When I got into college, my friend Diana and I knew the lyrics to many of green-eyed Joe Lopez’s songs and sang along to the top of our lungs to, “No Te Volvere a Querer” and the ultimate tear-in-my beer song, “Fallaste Corazon,” which goes like this:

“Y tu que te creias, el rey de todo el mundo.”

In translation, that means, “… And so … you think you are king of the world?”

You can see that Billy Joel attitude in the Spanish, Tex-Mex sound of Mazz, too, only this time around, the tables were turned.

When we listened to vinyls, it was the state-of-the art sound of our day, but it had its glitches.

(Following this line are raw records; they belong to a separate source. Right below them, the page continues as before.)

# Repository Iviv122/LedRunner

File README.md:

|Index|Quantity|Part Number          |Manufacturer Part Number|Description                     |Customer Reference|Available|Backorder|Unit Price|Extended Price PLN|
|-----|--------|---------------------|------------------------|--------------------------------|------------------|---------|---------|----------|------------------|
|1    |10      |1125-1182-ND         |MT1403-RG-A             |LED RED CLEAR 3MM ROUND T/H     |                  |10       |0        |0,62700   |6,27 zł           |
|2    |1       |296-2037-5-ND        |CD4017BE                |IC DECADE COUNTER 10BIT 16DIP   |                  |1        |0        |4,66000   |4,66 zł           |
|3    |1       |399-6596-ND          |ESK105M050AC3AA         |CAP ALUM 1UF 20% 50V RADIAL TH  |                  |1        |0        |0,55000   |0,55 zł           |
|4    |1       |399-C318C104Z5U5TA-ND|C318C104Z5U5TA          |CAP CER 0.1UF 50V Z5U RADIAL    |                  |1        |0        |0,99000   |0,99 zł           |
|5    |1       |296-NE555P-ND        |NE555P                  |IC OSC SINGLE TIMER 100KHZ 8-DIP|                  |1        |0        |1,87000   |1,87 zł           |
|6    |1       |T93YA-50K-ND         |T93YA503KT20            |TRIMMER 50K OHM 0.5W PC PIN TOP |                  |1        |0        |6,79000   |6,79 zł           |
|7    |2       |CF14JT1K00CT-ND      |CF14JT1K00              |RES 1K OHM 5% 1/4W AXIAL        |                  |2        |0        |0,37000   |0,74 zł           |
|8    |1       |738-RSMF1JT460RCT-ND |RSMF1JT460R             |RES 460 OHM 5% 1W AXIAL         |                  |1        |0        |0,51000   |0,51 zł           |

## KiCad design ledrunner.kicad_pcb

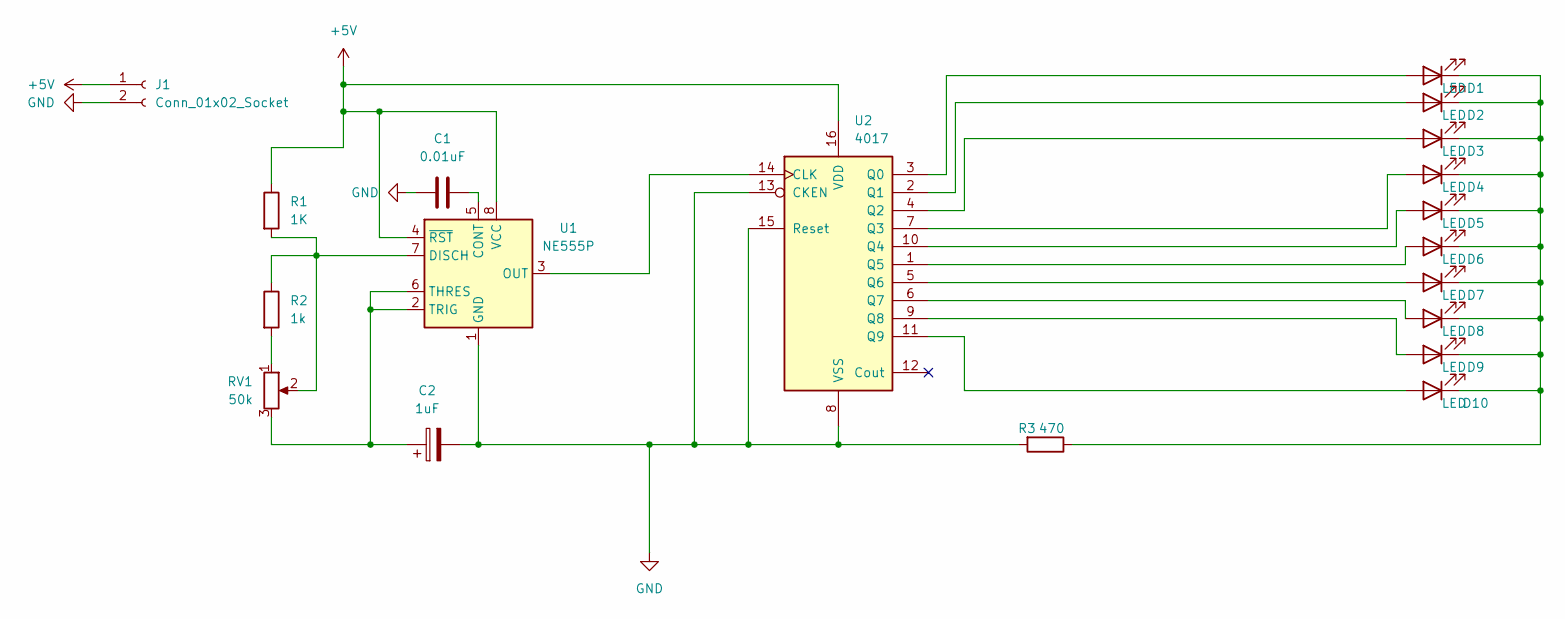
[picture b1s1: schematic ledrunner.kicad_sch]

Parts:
C1: 0.01uF; C_Disc_D7.5mm_W5.0mm_P5.00mm
C2: 1uF; CP_Radial_D5.0mm_P2.00mm
D1, D2, D3, D4, D5, D6, D7, D8, D9, D10: LED; LED_D3.0mm
J1: Conn_01x02_Socket; PinHeader_1x02_P2.54mm_Vertical
R1: 1K; R_Axial_DIN0207_L6.3mm_D2.5mm_P7.62mm_Horizontal
R2: 1k; R_Axial_DIN0207_L6.3mm_D2.5mm_P7.62mm_Horizontal
R3: 470; R_Axial_DIN0207_L6.3mm_D2.5mm_P7.62mm_Horizontal
RV1: 50k; Potentiometer_Vishay_T93YA_Vertical
U1: NE555P; DIP-8_W7.62mm
U2: 4017; N16

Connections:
+5V: J1.1, R1.1, U1.4 (~RST), U1.8 (VCC), U2.16 (VDD)
GND: C1.1, C2.2, J1.2, R3.2, U1.1 (GND), U2.8 (VSS), U2.13 (CKEN), U2.15 (Reset)
unnamed: D1.2 (A), U2.3 (Q0)
unnamed: D1.1 (K), D2.1 (K), D3.1 (K), D4.1 (K), D5.1 (K), D6.1 (K), D7.1 (K), D8.1 (K), D9.1 (K), D10.1 (K), R3.1
unnamed: D2.2 (A), U2.2 (Q1)
unnamed: D3.2 (A), U2.4 (Q2)
unnamed: D4.2 (A), U2.7 (Q3)
unnamed: D5.2 (A), U2.10 (Q4)
unnamed: D6.2 (A), U2.1 (Q5)
unnamed: D7.2 (A), U2.5 (Q6)
unnamed: D8.2 (A), U2.6 (Q7)
unnamed: D9.2 (A), U2.9 (Q8)
unnamed: D10.2 (A), U2.11 (Q9)
unnamed: R2.2, RV1.1
unnamed: C1.2, U1.5 (CONT)
unnamed: R1.2, R2.1, RV1.2, U1.7 (DISCH)
unnamed: U1.3 (OUT), U2.14 (CLK)
unnamed: C2.1, RV1.3, U1.2 (TRIG), U1.6 (THRES)

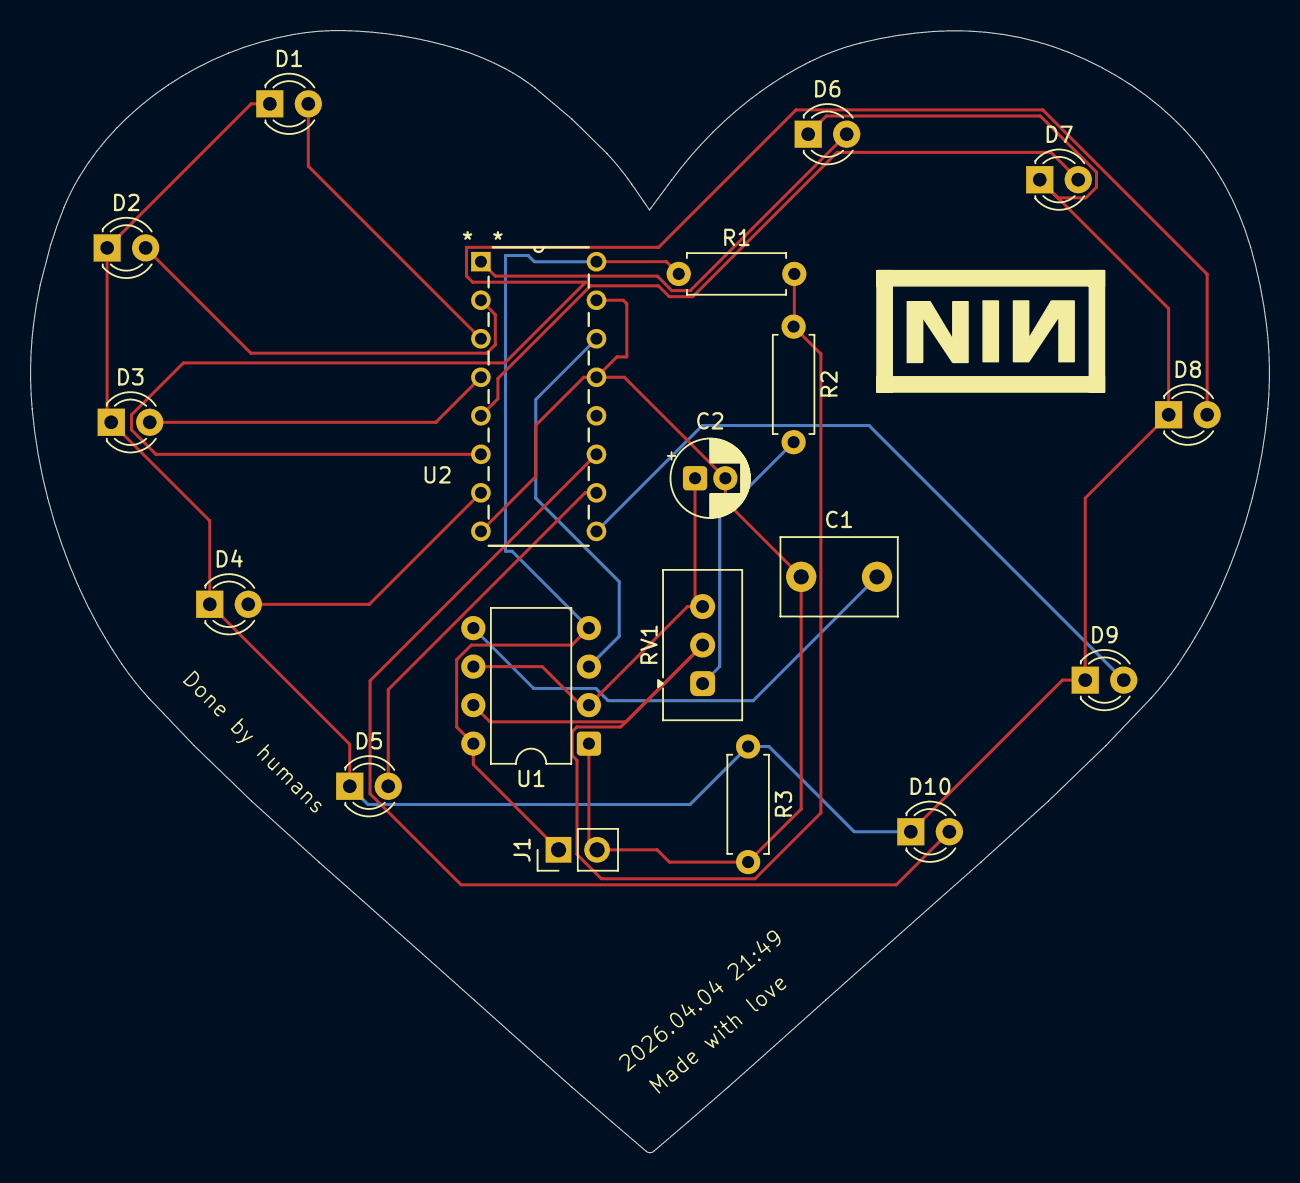
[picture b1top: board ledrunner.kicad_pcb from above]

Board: 2 copper layers, 81.7 x 74.0 mm, 19 parts (0 on the bottom side), 18 nets.

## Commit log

2026-04-04 bases
2026-04-05 modelsc
2026-04-05 gerber

The records would scratch and needles had to be replaced. But the beats went on.

I remember many times, sneaking into my dad’s band room before he got home from work and putting the needle to the vinyl, lost somewhere between two cultures, or maybe I should say, being indulged in two cultures.

Sometimes it was The Village People, Chic, Donna Summer and John Mellencamp with “YMCA,” “Le Freak,” “Bad Girls” and who could forget “Jack and Diane”?

Sometimes the needle to the vinyl let out the Spanish lyrics of Little Joe, La Mafia and Augustine Ramirez, from, “Margarita” and “Tu, Tu, Solo Tu” and Augustine’s “El Barco Chiquito.”

When I see kids these days having a whole library or music store at their fingertips, in their small, hand-held devices, I sometimes flash back and think of the dozens and dozens of vinyls that lined the shelves in Dad’s music room.

Now many of these vinyls are packed in boxes and gathering dust. But many of these vinyls, I’m glad to see, have also been converted to digital sound, and in some cases, “static and all.”

Helena Rodriguez is a Portales native. Contact her at: [email protected]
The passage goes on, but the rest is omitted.